▶ Items from a dataset:
★ ★ ★

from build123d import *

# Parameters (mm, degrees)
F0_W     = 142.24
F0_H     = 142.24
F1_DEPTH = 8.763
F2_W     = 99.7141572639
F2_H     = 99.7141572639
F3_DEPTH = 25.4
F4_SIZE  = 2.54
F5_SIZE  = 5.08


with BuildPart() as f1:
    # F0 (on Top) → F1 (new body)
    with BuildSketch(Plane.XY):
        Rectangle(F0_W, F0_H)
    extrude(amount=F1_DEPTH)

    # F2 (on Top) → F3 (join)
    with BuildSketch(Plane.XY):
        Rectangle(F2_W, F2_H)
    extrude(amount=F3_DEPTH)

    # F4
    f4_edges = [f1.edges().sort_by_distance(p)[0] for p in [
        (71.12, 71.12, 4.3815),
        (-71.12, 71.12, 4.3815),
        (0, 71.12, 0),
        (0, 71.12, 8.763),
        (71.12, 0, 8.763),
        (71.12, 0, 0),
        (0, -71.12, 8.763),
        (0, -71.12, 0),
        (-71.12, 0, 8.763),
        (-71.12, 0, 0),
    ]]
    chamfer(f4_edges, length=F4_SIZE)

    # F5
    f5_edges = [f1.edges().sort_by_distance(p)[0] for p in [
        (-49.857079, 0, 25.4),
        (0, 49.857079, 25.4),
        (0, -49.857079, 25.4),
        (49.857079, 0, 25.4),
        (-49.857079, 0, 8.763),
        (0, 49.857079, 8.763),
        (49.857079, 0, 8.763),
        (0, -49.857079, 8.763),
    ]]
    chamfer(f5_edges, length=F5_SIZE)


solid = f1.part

★ ★ ★

All records are to be written out exactly.

▶ EXERCISE SOLUTION:
from build123d import *

# Parameters (mm, degrees)
F0_W     = 142.24
F0_H     = 142.24
F1_DEPTH = 8.763
F2_W     = 99.7141572639
F2_H     = 99.7141572639
F3_DEPTH = 25.4
F4_SIZE  = 2.54
F5_SIZE  = 5.08


with BuildPart() as f1:
    # F0 (on Top) → F1 (new body)
    with BuildSketch(Plane.XY):
        Rectangle(F0_W, F0_H)
    extrude(amount=F1_DEPTH)

    # F2 (on Top) → F3 (join)
    with BuildSketch(Plane.XY):
        Rectangle(F2_W, F2_H)
    extrude(amount=F3_DEPTH)

    # F4
    f4_edges = [f1.edges().sort_by_distance(p)[0] for p in [
        (71.12, 71.12, 4.3815),
        (-71.12, 71.12, 4.3815),
        (0, 71.12, 0),
        (0, 71.12, 8.763),
        (71.12, 0, 8.763),
        (71.12, 0, 0),
        (0, -71.12, 8.763),
        (0, -71.12, 0),
        (-71.12, 0, 8.763),
        (-71.12, 0, 0),
    ]]
    chamfer(f4_edges, length=F4_SIZE)

    # F5
    f5_edges = [f1.edges().sort_by_distance(p)[0] for p in [
        (-49.857079, 0, 25.4),
        (0, 49.857079, 25.4),
        (0, -49.857079, 25.4),
        (49.857079, 0, 25.4),
        (-49.857079, 0, 8.763),
        (0, 49.857079, 8.763),
        (49.857079, 0, 8.763),
        (0, -49.857079, 8.763),
    ]]
    chamfer(f5_edges, length=F5_SIZE)


solid = f1.part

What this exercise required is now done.